Как ужаленная, вскочила Аграфена Семеновна:

—Ах ты, поганец! — завизжала она, топая ногами. — Он еще рассуждать вздумал, хамская твоя душонка! Зазнался, давно на конюшне не был? Погоди, я тебя проучу!

—Воля твоя, — смело отвечал Андрей, — делай, что хочешь, а только я на этой ведьме, Степаниде, ни за что не женюсь.

—Не женишься? — прохрипела Аграфена Семеновна, изо всех сил вцепившись в волосы Андрея и теребя их во все стороны.

—Не женюсь! — решительно отвечал тот.

—А мы это посмотрим! Люди! Мишка, Степка, Ванька! — закричала она. — Свести его на конюшню... Я тебе покажу, как умничать!

Андрея увели. Но конюшня не изменила его решения. Сколько ни били его, он все кричал свое:

—Не хочу жениться на ведьме, пусть черт на ней женится!

Другого запороли бы насмерть, но Андрея барыня жалела, и потому, велев прекратить истязание, распорядилась снести его в пустой чулан и запереть.

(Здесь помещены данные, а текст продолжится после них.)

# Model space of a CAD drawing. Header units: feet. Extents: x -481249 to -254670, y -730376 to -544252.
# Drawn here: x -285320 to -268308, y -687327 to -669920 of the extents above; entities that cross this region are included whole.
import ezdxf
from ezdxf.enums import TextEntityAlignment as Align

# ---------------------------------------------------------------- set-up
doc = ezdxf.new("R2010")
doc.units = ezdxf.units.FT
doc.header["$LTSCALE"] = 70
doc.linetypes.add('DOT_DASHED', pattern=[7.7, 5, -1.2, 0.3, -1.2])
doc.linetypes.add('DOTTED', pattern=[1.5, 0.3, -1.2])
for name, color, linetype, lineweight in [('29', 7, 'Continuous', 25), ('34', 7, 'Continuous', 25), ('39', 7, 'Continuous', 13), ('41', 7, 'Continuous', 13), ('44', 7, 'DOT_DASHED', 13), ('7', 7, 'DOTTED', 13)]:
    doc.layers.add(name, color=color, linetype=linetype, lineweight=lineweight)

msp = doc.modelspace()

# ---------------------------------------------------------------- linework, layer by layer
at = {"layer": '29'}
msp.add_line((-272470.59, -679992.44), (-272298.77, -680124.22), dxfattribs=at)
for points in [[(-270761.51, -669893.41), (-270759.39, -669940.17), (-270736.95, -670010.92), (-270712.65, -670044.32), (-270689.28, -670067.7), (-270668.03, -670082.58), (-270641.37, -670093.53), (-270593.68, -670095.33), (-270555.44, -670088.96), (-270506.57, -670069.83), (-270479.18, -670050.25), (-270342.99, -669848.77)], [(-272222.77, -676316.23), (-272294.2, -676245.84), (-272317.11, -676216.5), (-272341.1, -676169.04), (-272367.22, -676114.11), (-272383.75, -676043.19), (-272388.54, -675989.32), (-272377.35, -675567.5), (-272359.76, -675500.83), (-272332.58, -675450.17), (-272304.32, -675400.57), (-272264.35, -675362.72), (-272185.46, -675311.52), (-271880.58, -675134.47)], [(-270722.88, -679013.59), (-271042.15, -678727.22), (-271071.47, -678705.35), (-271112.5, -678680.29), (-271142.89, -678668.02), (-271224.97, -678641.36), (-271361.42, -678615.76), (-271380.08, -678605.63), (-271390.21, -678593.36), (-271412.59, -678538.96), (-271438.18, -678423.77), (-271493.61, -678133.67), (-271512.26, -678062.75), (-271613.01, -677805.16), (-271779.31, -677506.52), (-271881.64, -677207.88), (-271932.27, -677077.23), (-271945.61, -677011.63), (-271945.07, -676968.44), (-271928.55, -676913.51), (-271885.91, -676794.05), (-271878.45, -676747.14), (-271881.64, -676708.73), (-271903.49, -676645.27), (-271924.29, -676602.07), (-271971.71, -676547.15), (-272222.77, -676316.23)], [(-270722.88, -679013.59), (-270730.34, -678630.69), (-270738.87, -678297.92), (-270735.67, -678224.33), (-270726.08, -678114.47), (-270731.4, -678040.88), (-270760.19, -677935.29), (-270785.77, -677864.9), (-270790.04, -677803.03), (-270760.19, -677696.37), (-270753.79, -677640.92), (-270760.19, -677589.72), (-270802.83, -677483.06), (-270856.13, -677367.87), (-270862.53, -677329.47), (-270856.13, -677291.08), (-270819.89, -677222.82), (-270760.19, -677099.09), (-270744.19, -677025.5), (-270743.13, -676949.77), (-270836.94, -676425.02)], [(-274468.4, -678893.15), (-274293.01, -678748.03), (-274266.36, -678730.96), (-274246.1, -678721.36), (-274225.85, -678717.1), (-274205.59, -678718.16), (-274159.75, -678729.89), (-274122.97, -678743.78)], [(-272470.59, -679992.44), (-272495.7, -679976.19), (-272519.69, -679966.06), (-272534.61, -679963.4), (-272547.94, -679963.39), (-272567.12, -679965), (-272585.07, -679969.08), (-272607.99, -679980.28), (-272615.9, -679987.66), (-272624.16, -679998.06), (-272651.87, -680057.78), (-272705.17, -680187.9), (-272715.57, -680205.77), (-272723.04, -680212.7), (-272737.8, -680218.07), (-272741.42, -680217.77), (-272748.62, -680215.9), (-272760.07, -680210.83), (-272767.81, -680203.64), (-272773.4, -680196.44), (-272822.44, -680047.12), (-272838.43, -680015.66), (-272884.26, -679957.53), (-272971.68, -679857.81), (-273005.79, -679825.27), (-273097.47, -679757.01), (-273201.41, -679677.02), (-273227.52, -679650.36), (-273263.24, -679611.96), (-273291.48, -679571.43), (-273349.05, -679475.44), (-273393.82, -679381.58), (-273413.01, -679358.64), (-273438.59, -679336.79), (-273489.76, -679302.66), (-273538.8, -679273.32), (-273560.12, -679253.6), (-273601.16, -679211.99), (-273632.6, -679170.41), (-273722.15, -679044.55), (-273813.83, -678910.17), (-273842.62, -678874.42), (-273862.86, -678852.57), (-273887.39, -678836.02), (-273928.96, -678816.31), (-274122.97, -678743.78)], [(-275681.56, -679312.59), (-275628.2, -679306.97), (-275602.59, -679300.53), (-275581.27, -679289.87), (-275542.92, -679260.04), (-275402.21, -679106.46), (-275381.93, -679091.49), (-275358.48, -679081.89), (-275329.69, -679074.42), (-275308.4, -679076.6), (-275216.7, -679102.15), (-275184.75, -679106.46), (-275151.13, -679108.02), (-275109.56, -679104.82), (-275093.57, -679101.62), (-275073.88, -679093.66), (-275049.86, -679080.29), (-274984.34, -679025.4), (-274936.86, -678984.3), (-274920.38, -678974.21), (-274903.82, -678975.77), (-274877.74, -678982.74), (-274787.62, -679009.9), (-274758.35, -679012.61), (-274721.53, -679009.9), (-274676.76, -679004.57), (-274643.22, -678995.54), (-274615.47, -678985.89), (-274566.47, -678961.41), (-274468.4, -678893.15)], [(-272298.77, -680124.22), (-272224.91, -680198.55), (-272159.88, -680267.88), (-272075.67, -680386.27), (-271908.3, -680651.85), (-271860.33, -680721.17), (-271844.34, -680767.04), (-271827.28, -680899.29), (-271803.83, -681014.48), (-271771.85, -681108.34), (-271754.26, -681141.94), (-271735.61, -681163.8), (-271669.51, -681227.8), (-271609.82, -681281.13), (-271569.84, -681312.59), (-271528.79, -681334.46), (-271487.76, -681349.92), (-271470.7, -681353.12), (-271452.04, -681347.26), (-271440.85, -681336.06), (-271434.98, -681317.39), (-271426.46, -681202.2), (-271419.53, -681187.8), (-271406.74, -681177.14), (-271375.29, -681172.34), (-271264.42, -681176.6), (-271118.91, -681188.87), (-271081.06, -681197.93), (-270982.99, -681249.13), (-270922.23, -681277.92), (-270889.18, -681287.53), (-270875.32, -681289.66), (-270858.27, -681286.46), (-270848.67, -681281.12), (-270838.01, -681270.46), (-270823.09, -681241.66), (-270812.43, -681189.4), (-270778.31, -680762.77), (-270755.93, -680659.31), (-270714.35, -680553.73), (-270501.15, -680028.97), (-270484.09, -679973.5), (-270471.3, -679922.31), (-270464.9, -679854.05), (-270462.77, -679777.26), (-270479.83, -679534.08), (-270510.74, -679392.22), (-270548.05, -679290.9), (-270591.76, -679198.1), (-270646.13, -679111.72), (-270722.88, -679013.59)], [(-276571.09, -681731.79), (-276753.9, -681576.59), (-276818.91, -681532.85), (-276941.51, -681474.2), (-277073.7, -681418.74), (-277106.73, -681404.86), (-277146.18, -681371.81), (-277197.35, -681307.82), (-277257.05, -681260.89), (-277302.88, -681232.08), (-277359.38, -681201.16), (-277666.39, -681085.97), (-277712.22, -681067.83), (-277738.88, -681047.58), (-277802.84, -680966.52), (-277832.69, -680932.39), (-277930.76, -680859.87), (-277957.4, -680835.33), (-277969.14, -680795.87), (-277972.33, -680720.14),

В тот же день Аграфена Семеновна имела конфиденциальное совещание с своей любимицей Степанидой. Можно себе представить, до какой степени была озлоблена сия старая дева, когда увидела, что Андрей предпочитает смерть браку с ней. Она просто шипела от злости и готова была своими руками задушить обидчика. На совещании решено было вымолить согласие у непокорного следующей остроумной мерой. Андрея оставили пока в покое, но когда он поправился от розог, его снова заперли в чулан. Аграфена Семеновна распорядилась давать ему пищу, но только соленого, при этом ни капли воды. На другой уже день мученье Андрея достигло такой степени, что он пытался собственноручно задушить себя. Как раненый зверь, метался он в чулане, потрясая дверь кулаком и силясь сбить ее петли. Наконец, он не выдержал, и когда на третий день утром Степанида подошла к двери и именем барыни спросила его, покоряется ли он, Андрей с трудом прохрипел, что покоряется.

Его выпустили.

На другой же день в маленькой покосившейся церкви было совершено бракосочетание Андрея с торжествующей Степанидой. Аграфена Семеновна была посаженой матерью. Мрачнее осенней ночи был Андрей весь этот день, и по мере того как приближался вечер, он делался все угрюмей и угрюмей.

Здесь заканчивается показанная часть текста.